Glutathione S-transferase A1 is an enzyme that in humans is encoded by the GSTA1 gene.

Cytosolic and membrane-bound forms of glutathione S-transferase are encoded by two distinct supergene families. These enzymes function in the detoxification of electrophilic compounds, including carcinogens, therapeutic drugs, environmental toxins and products of oxidative stress, by conjugation with glutathione. The genes encoding these enzymes are known to be highly polymorphic. These genetic variations can change an individual's susceptibility to carcinogens and toxins as well as affect the toxicity and efficacy of some drugs. At present, eight distinct classes of the soluble cytoplasmic mammalian glutathione S-transferases have been identified: alpha, kappa, mu, omega, pi, sigma, theta and zeta. This gene encodes a glutathione S-transferase belonging to the alpha class. The alpha class genes, located in a cluster mapped to chromosome 6, are the most abundantly expressed glutathione S-transferases in liver (hepatocytes) and kidney (proximal tubules).
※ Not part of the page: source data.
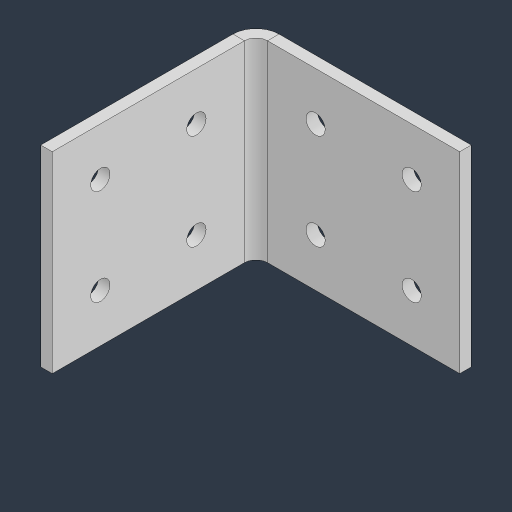
# Autodesk Inventor part: hopper_side_barcket
Saved by Autodesk Inventor 2024.3 (Build 283343000, 343)
## iProperties
Created: 2025-03-08
Part Number: hopper_side_barcket
Material: Generic
Document SubType Name: Sheet Metal
Designer: marcu
Density: 1 g/cm^3
Sheet Metal Rule: Default
Appearance: Default
Author: marcu
Autodesk Inventor part; units mm, degrees
ref_plane "YZ Plane" through (0, 0, 0) normal (1, 0, 0) x (0, 1, 0)
ref_plane "XZ Plane" through (0, 0, 0) normal (0, 1, 0) x (-1, 0, 0)
ref_plane "XY Plane" through (0, 0, 0) normal (0, 0, 1) x (1, 0, 0)
sketch "Sketch1" plane through (0, 0, 0) normal (0, 0, 1) x (1, 0, 0)
  line L0 (25.4, 25.4) -> (-25.4, 25.4)
  line L1 (-25.4, 25.4) -> (-25.4, -25.4)
  line L2 (-25.4, -25.4) -> (25.4, -25.4)
  line L3 (25.4, -25.4) -> (25.4, 25.4)
  line L4 (25.4, 25.4) -> (-25.4, -25.4) construction
  line L5 (-25.4, 25.4) -> (25.4, -25.4) construction
  point P0 (0, 0)
  dimension "d0" = 50.8
  dimension "d1" = 50.8
  measures "d0" distance of L2.end L1.end
  measures "d1" distance of L1.end L0.end
extrude "Plate1" add sketch "Sketch1" along normal blind 3.048
sketch "Sketch2" plane through (-28.448, -25.4, 6.096) normal (-1, 0, 0) x (0, -1, 0)
  line L0 (-50.8, 0) -> (0, 0)
  line L1 (0, 0) -> (0, 50.8)
  line L2 (0, 50.8) -> (-50.8, 50.8)
  line L3 (-50.8, 50.8) -> (-50.8, 0)
  constraints: 6 end point, 1 horizontal, 1 perpendicular, 1 vertical
edge flange "Flange1" height 56.896 angle 90 thickness 3.048 bend radius 3.048 thickness toward (-1, 0, 0) relief tear relief width 3.048 relief depth 1.524 edges at (-25.4, 0, 3.048) wall of the first edge with corners at (-28.448, 25.4, 6.096) (-28.448, -25.4, 6.096) (-28.448, -25.4, 56.896) (-28.448, 25.4, 56.896)
bend "Bend1"
corner "Corner1"
sketch "Sketch3" plane through (-28.448, -25.4, 56.896) normal (1, 0, 0) x (0, 0, -1)
  line L0 (50.8, 0) -> (50.8, 50.8) construction
  line L1 (0, 50.8) -> (50.8, 50.8) construction
  line L2 (0, 50.8) -> (0, 0) construction
  line L3 (0, 0) -> (50.8, 0) construction
  point P0 (56.896, 25.4)
  point P1 (38.1, 38.1)
  point P2 (38.1, 12.7)
  point P3 (12.7, 38.1)
  point P4 (12.7, 12.7)
  dimension "d13" = 12.7
  dimension "d14" = 12.7
  dimension "d17" = 25.4
  dimension "d20" = 25.4
  constraints: 1 horizontal, 1 vertical, 3 other
  measures "d13" distance from line of L0 point (38.1, 38.1)
  measures "d14" distance from line of L1 point (38.1, 38.1)
  measures "d17" distance of point (38.1, 38.1) point (38.1, 12.7)
  measures "d20" distance of point (38.1, 38.1) point (12.7, 38.1)
hole "Hole1" at (-28.448, 12.7, 18.796) at (-28.448, -12.7, 18.796) at (-28.448, 12.7, 44.196) at (-28.448, -12.7, 44.196) direction (-1, 0, 0) diameter 5.1054 end through all clearance for "Flat Head Machine Screw (82)" size "#10" standard "Ansi Unified Screw Threads"
sketch "Sketch4" plane through (0, 0, 3.048) normal (0, 0, 1) x (1, 0, 0)
  line L0 (-25.4, 25.4) -> (25.4, 25.4) construction
  line L1 (-25.4, -25.4) -> (-25.4, 25.4) construction
  line L2 (25.4, -25.4) -> (-25.4, -25.4) construction
  line L3 (25.4, 25.4) -> (25.4, -25.4) construction
  point P0 (0, 0)
  point P1 (-12.7, 12.7)
  point P2 (12.7, 12.7)
  point P3 (-12.7, -12.7)
  point P4 (12.7, -12.7)
  dimension "d30" = 12.7
  dimension "d31" = 12.7
  dimension "d34" = 25.4
  dimension "d37" = 25.4
  constraints: 1 horizontal, 1 vertical, 3 other
  measures "d30" distance from line of L0 point (-12.7, 12.7)
  measures "d31" distance from line of L1 point (-12.7, 12.7)
  measures "d34" distance of point (-12.7, 12.7) point (12.7, 12.7)
  measures "d37" distance of point (-12.7, 12.7) point (-12.7, -12.7)
hole "Hole2" at (-12.7, 12.7, 3.048) at (12.7, 12.7, 3.048) at (-12.7, -12.7, 3.048) at (12.7, -12.7, 3.048) direction (0, 0, -1) diameter 5.1054 end through all clearance for "Flat Head Machine Screw (82)" size "#10" standard "Ansi Unified Screw Threads"
equation "\"d28\" = Thickness"
equation "\"d2\" = Thickness"
equation "\"d3\" = BendReliefWidth"
equation "\"d4\" = BendReliefDepth"
equation "\"d5\" = MinimumRemnant"
equation "\"d6\" = TransitionRadius"
equation "\"d9\" = BendRadius"
equation "\"d10\" = CornerReliefSize"
equation "\"d11\" = GapSize"
equation "\"d12\" = JacobiRadiusSize"
equation "\"BendRadius\" = Thickness"
equation "\"BendReliefWidth\" = Thickness"
equation "\"BendReliefDepth\" = 0.5 * Thickness"
equation "\"CornerReliefSize\" = 4 * Thickness"
equation "\"MinimumRemnant\" = 2 * Thickness"
equation "\"TransitionRadius\" = BendRadius"
equation "\"JacobiRadiusSize\" = BendRadius"
equation "\"GapSize\" = Thickness"
equation "\"Thickness\" = 3.048"
body "Solid1"

In addition to metabolizing bilirubin and certain anti-cancer drugs in the liver, the alpha class of these enzymes exhibit glutathione peroxidase activity, thereby protecting the cells from reactive oxygen species and the products of peroxidation.

Release of GST-A1 as an indication of cellular necrosis

Increases in serum and urinary GST-A1 have been found in association with hepatocyte and renal proximal tubular necrosis respectively, and have potential for monitoring injury to these tissues.